Without ground-truth depths for quantitative comparison on real colonoscopy data, we evaluate our method qualitatively by comparing the depth prediction results with other methods. First, we compare our method with Rau et al. [11] and show some examples in Fig. 4. For the first three examples, we observe the wrongly predicted location of the lumen, missed polyps, and misinterpreted geometry of the lumen respectively in the results generated by Rau et al.. For the last three examples, we can see that our method generates more accurate predictions, proving that our model better captures geometric structure details.
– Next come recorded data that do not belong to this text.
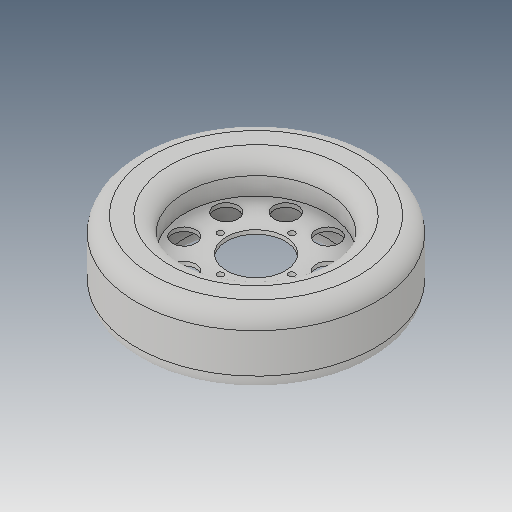
# Autodesk Inventor part: 車輪
Saved by Autodesk Inventor 2020.3 (Build 243373000, 373)
## iProperties
Part Number: 車輪
Material: 一般
Document SubType Name: Modeling
Designer: highs
Density: 1 g/cm^3
Appearance: 既定
Description: https://store.shopping.yahoo.co.jp/redmotoparts/ca085.html
Stock Number: モンキー・ゴリラ用　８インチ　アルミホイール・タイヤセット
Author: highs
Revision Number: ホイール2.5J  タイヤ90/65-8　組付けオプション申し込み
Autodesk Inventor part; units mm, degrees
ref_plane "YZ Plane" through (0, 0, 0) normal (1, 0, 0) x (0, 1, 0)
ref_plane "XZ Plane" through (0, 0, 0) normal (0, 1, 0) x (-1, 0, 0)
ref_plane "XY Plane" through (0, 0, 0) normal (0, 0, 1) x (1, 0, 0)
sketch "スケッチ1" plane through (0, 0, 0) normal (0, 0, 1) x (1, 0, 0)
  line L0 (0, 0) -> (90, 0)
  line L1 (90, 0) -> (90, -42.5)
  line L2 (90, -42.5) -> (152, -42.5)
  line L3 (152, -42.5) -> (152, 47.5)
  line L4 (152, 47.5) -> (90, 47.5)
  line L5 (90, 47.5) -> (90, 5)
  line L6 (90, 5) -> (0, 5)
  line L7 (0, 5) -> (0, 0)
  line L8 (0, 2.5) -> (152, 2.5) construction
  dimension "d0" = 5
  dimension "d1" = 152
  dimension "d2" = 90
  dimension "d3" = 90
  constraints: 18 end point, 6 perpendicular, 2 horizontal, 2 midpoint, 2 point on line
  measures "d0" distance between parallel lines of L6 L0
  measures "d1" distance between parallel lines of L7 L3
  measures "d2" distance of L5.end L6.end
  measures "d3" distance of L2.end L3.end
revolve "回転1" add sketch "スケッチ1" angle 360 about axis through (0, 5, 0) along (0, -1, 0)
sketch "スケッチ2" plane through (0, 5, 0) normal (0, 1, 0) x (1, 0, 0)
  circle A0 centre (0, 0) radius 37.5
  circle A1 centre (0, 45.5) radius 4
  line L0 (0, 0) -> (0, 45.5) construction
  circle A2 centre (-45.5, 0) radius 4
  circle A3 centre (0, -45.5) radius 4
  circle A4 centre (45.5, 0) radius 4
  line L1 (0, 0) -> (26.7878, 64.6716) construction
  circle A5 centre (26.7878, 64.6716) radius 15
  circle A6 centre (0, 0) radius 70 construction
  circle A7 centre (-26.7878, 64.6716) radius 15
  circle A8 centre (-64.6716, 26.7878) radius 15
  circle A9 centre (-64.6716, -26.7878) radius 15
  circle A10 centre (-26.7878, -64.6716) radius 15
  circle A11 centre (26.7878, -64.6716) radius 15
  circle A12 centre (64.6716, -26.7878) radius 15
  circle A13 centre (64.6716, 26.7878) radius 15
  dimension "d18" = 140
  dimension "d6" = 45.5
  dimension "d7" = 8
  dimension "d8" = 75
  dimension "d11" = 360
  dimension "d16" = 22.5
  dimension "d17" = 30
  dimension "d21" = 360
  constraints: 13 centre point, 4 end point, 3 coincident, 1 vertical, 29 other
  measures "d6" distance of L0.start L0.end
  measures "d7" diameter of A1
  measures "d8" diameter of A0
  measures "d16" angle of L0 L1
  measures "d17" diameter of A5
extrude "押し出し1" cut sketch "スケッチ2" against normal up to next
fillet "フィレット1" radius 20 4 edges at (-152, 47.5, 0) (-152, -42.5, 0) (-90, 47.5, 0) (-90, -42.5, 0)

We also verify our model in regards to the temporal consistency of the depth estimation. As shown in Fig. 5, without supervision by temporal consistency, the baseline model tends to predict discontinuous depths on the polyp surface due to the specular reflection in the colonoscopy frames. These depth noises also lead to the discontinuity between neighboring frames. In comparison, the depths predicted by our fine-tuned model are more spatially smooth and temporally consistent, avoiding the interruption by specular reflections and textures.

Fig. 4.
figure 4

Comparison of our method with Rau et al. [11]. The red ellipses highlight the inaccurate depth predictions such as wrong locations of the lumen, missed polyp, and misinterpreted geometry of the lumen.

Fig. 5.
figure 5

Depth estimation for adjacent frames in a real colonoscopy video. Compared with the results generated by the baseline model, our model produces more consistent results avoiding the noises caused by specular reflections and textures.

4 Conclusion

We propose a novel depth estimation approach for colonoscopy images that makes full use of both synthetic and real data. Considering the depth estimation task as an image translation problem, we employ a conditional generative network as the backbone model. While the synthetic dataset which contains image-and-depth pairs provides precise supervision on the depth estimation network, we exploit unlabeled real colonoscopy videos for self-supervision. We designed a masked gradient warping loss to ensure the temporal consistency of the estimated depth maps of two neighboring frames during network training. The experimental results demonstrate that our method produces more accurate and temporally consistent depth estimation for both synthetic and real colonoscopy videos. The robust depth estimation will facilitate the accuracy of many downstream medical analysis tasks, such as polyp diagnosis and 3D reconstruction, and assist colonoscopists in polyp localization and removal in the future.